As Anthropic explains, “We hope that we and others can use these discoveries to make models safer. For example, it might be possible to use the techniques described here to monitor AI systems for certain dangerous behaviors (such as deceiving the user), to steer them towards desirable outcomes (debiasing), or to remove certain dangerous subject matter entirely.”
Unlocking a greater understanding of AI behavior becomes paramount as they become ubiquitous for critical decision-making processes in fields such as healthcare, finance, and criminal justice.
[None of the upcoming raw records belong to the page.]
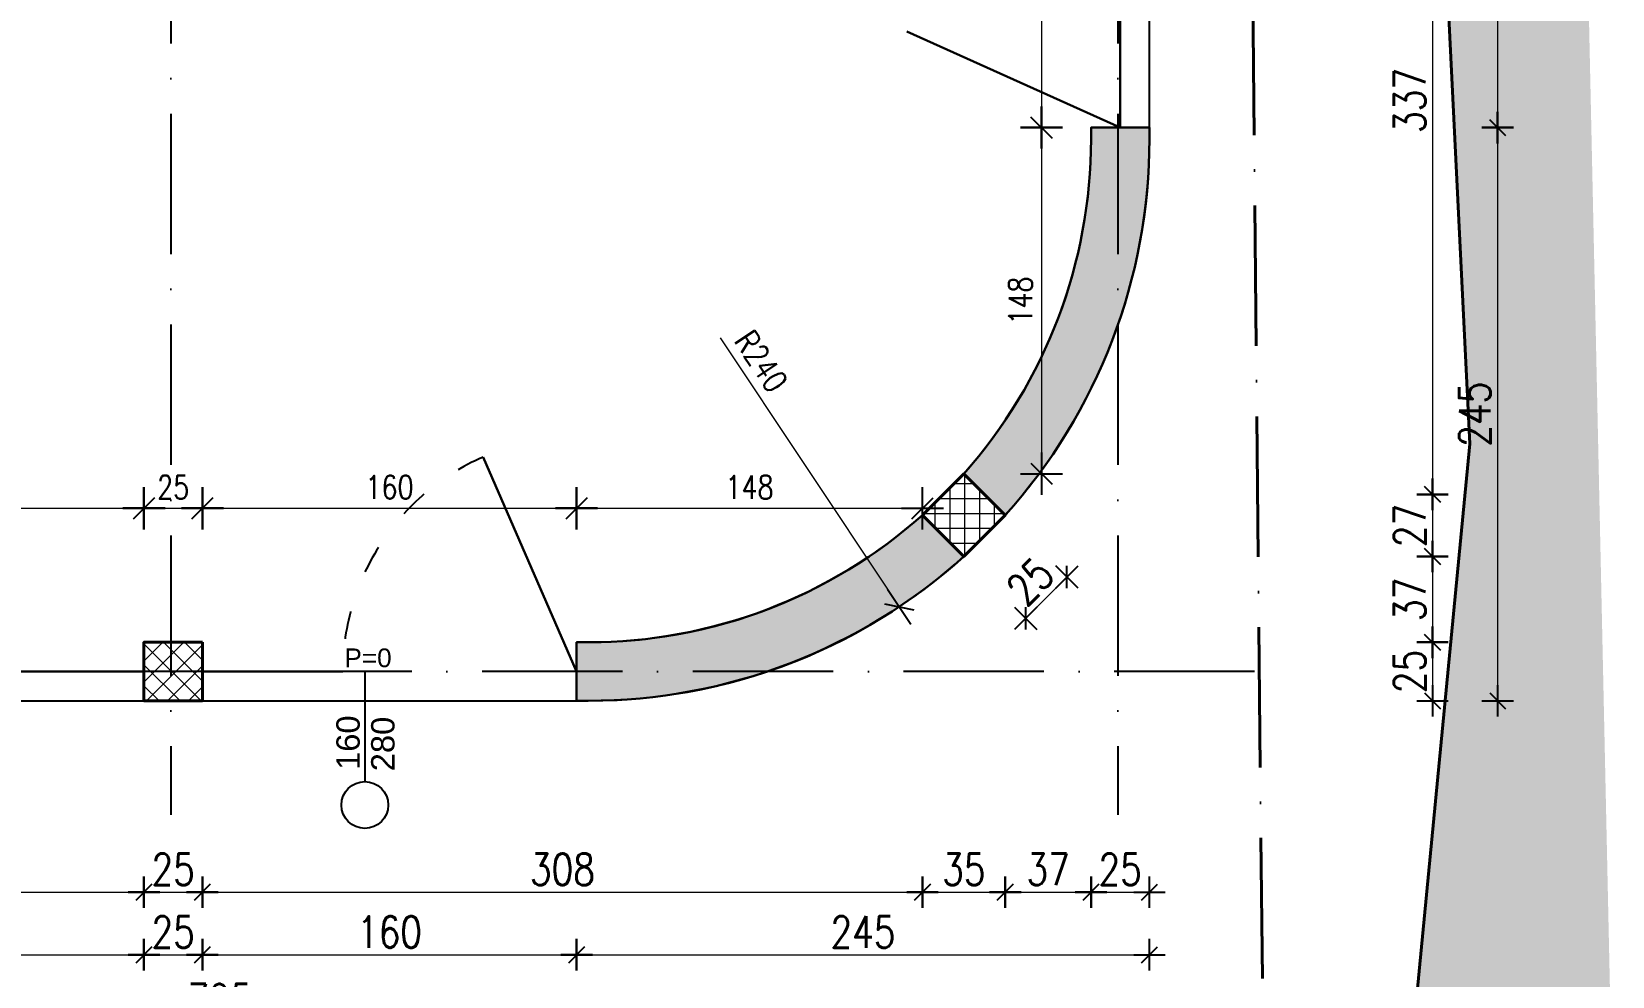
# Model space of a CAD drawing. Header units: metres. Extents: x 2674 to 33045, y -10854 to 2806.
# Drawn here: x 10600 to 11276, y 528 to 932 of the extents above; entities that cross this region are included whole.
import ezdxf

# ---------------------------------------------------------------- set-up
doc = ezdxf.new("R2010")
doc.units = ezdxf.units.M
doc.linetypes.add('ACAD_ISO03W100', pattern=[30, 12, -18])
doc.linetypes.add('ACAD_ISO10W100', pattern=[18, 12, -3, 0, -3])
for name, color, linetype in [('2d hamdia', 7, 'Continuous'), ('Kufiri i parcelave', 7, 'Continuous'), ('Trotuari', 47, 'Continuous')]:
    doc.layers.add(name, color=color, linetype=linetype)
doc.styles.add('_DIM Romans 0.8', font='romans.shx', dxfattribs={"width": 0.8})
doc.styles.get("Standard").update_dxf_attribs({"font": 'arial.ttf'})
doc.dimstyles.new('50 jasht', dxfattribs={"dimscale": 15, "dimtxt": 0.9, "dimasz": 0.3, "dimexe": 1.25, "dimexo": 0.625, "dimgap": 0.2, "dimtad": 1, "dimdec": 0, "dimzin": 12, "dimdsep": 46, "dimtxsty": '_DIM Romans 0.8', "dimblk": '- Kosa Crta za DIM (Mala)', "dimcen": 1, "dimse1": 1, "dimse2": 1, "dimclrd": 256, "dimclrt": 256, "dimazin": 3, "dimtfac": 1, "dimtdec": 0, "dimtix": 1, "dimtmove": 0, "dimatfit": 3, "dimfxl": 1, "dimlwd": 0, "dimarcsym": 0})
doc.dimstyles.new('50 mrena', dxfattribs={"dimscale": 10, "dimtxt": 1, "dimasz": 0.6, "dimexe": 1.25, "dimexo": 0.625, "dimgap": 0.4, "dimtad": 1, "dimdec": 0, "dimzin": 12, "dimdsep": 46, "dimtxsty": '_DIM Romans 0.8', "dimblk": '- Kosa Crta za DIM (Mala)', "dimcen": 2.5, "dimse1": 1, "dimse2": 1, "dimclrd": 256, "dimclrt": 256, "dimadec": 0, "dimazin": 3, "dimtfac": 1, "dimtdec": 0, "dimtix": 1, "dimtmove": 0, "dimatfit": 3, "dimfxl": 1, "dimlwd": 15, "dimarcsym": 0})

# ---------------------------------------------------------------- blocks, each defined once
blk = doc.blocks.new('- Kosa Crta za DIM (Mala)')
for points in [[(9.094947017729282e-13, -1.5), (-9.094947017729282e-13, 1.5)], [(-1.5, 0), (1.5, 0)], [(-0.7499999999997726, -0.7499999999997726), (0.7499999999997726, 0.7499999999997726)]]:
    blk.add_lwpolyline(points)
blk = doc.blocks.new('*D228')
at = {"lineweight": 0, "transparency": 16777216}
blk.add_line((11199.07640123492, 1066.212369951784), (11199.07640123492, 738.4147462968635), dxfattribs=at)
at = {"layer": 'Defpoints', "color": 0, "lineweight": 0, "transparency": 16777216}
for p in [(11078.0139378323, 1070.712369951784), (11007.48923101688, 733.9147462968637), (11199.07640123492, 733.9147462968635)]:
    blk.add_point(p, dxfattribs=at)
at = {"lineweight": 0, "transparency": 16777216, "xscale": 4.5, "yscale": 4.5, "zscale": 4.5}
for p, rotation in [((11199.07640123492, 1070.712369951784), 90), ((11199.07640123492, 733.9147462968635), 270)]:
    blk.add_blockref('- Kosa Crta za DIM (Mala)', p, dxfattribs=dict(at, rotation=rotation))
at = {"lineweight": 0, "transparency": 16777216, "insert": (11189.32640123492, 902.3135581243258), "char_height": 13.5, "attachment_point": 5, "rotation": 90, "style": '_DIM Romans 0.8'}
blk.add_mtext('337', dxfattribs=at)
blk = doc.blocks.new('*D229')
at = {"lineweight": 0, "transparency": 16777216}
blk.add_line((11199.07640123492, 729.4147462968635), (11199.07640123492, 711.8982420023685), dxfattribs=at)
at = {"layer": 'Defpoints', "color": 0, "lineweight": 0, "transparency": 16777216}
for p in [(11007.48923101688, 733.9147462968637), (10998.65039625205, 707.3982420023686), (11199.07640123492, 707.3982420023685)]:
    blk.add_point(p, dxfattribs=at)
at = {"lineweight": 0, "transparency": 16777216, "xscale": 4.5, "yscale": 4.5, "zscale": 4.5}
for p, rotation in [((11199.07640123492, 733.9147462968635), 90), ((11199.07640123492, 707.3982420023685), 270)]:
    blk.add_blockref('- Kosa Crta za DIM (Mala)', p, dxfattribs=dict(at, rotation=rotation))
at = {"lineweight": 0, "transparency": 16777216, "insert": (11189.32640123492, 720.6564941496179), "char_height": 13.5, "attachment_point": 5, "rotation": 90, "style": '_DIM Romans 0.8'}
blk.add_mtext('27', dxfattribs=at)
blk = doc.blocks.new('*D230')
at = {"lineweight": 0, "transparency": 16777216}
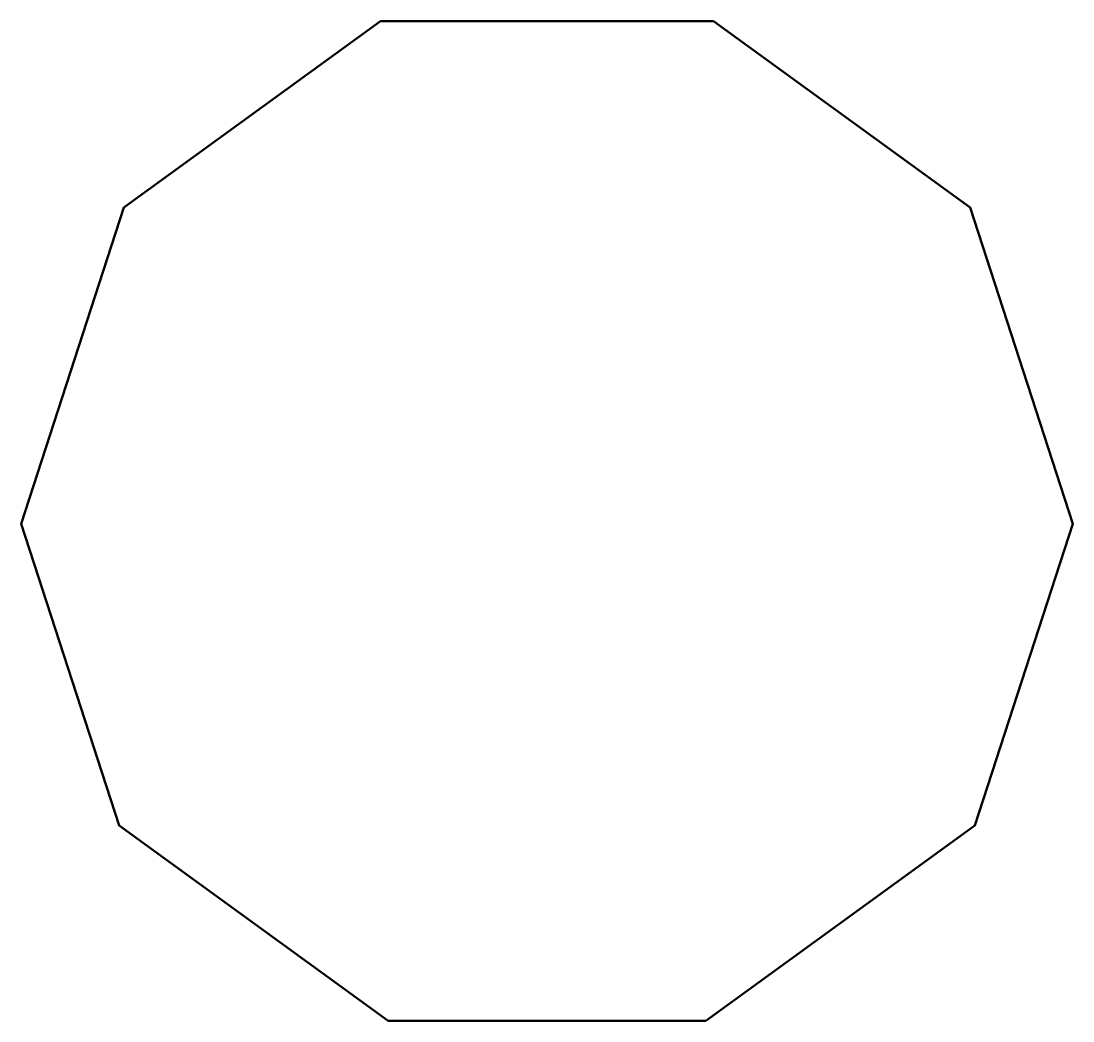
# Model space of a CAD drawing. Header units: millimetres. Extents: x -221.7 to -137.3, y -40.3 to 40.1.
import ezdxf

# ---------------------------------------------------------------- set-up
doc = ezdxf.new("R2010")
doc.units = ezdxf.units.MM
doc.header["$MEASUREMENT"] = 0
doc.layers.add('Default', color=18, linetype='Continuous', lineweight=50, true_color=0x000000)

msp = doc.modelspace()

# ---------------------------------------------------------------- linework, layer by layer
at = {"layer": 'Default'}
msp.add_lwpolyline([(-213.463, 25.083), (-192.846, 40.061), (-166.133, 40.061), (-145.516, 25.083), (-137.261, -0.323), (-145.136, -24.559), (-166.748, -40.261), (-192.231, -40.261), (-213.843, -24.559), (-221.718, -0.323)], close=True, dxfattribs=at)

doc.saveas('drawing.dxf')

It also helps uncover the root cause of bias, hallucinations, and other unwanted or unpredictable behaviors.
For example, a recent study from the University of Bonn uncovered how graph neural networks (GNNs) used for drug discovery rely heavily on recalling similarities from training data rather than truly learning complex new chemical interactions.
This makes it tough to understand how exactly these models determine new compounds of interest.
Last year, the UK government negotiated with major tech giants like OpenAI and DeepMind, seeking access to their AI systems’ internal decision-making processes.
Regulation like the EU’s AI Act will pressure AI companies to be more transparent, though commercial secrets seem sure to remain under lock and key.
Anthropic’s research offers a glimpse of what’s inside the box by ‘mapping’ information across the model.
However, the truth is that these models are so vast that, by Anthropic’s own admission, “We think it’s quite likely that we’re orders of magnitude short, and that if we wanted to get all the features – in all layers! – we would need to use much more compute than the total compute needed to train the underlying models.”
That’s an interesting point – reverse engineering a model is more computationally complex than engineering the model in the first place.
It’s reminiscent of hugely expensive neuroscience projects like the Human Brain Project (HBP), which poured billions into mapping our own human brains only to ultimately fail.
Never underestimate how much lies inside the black box.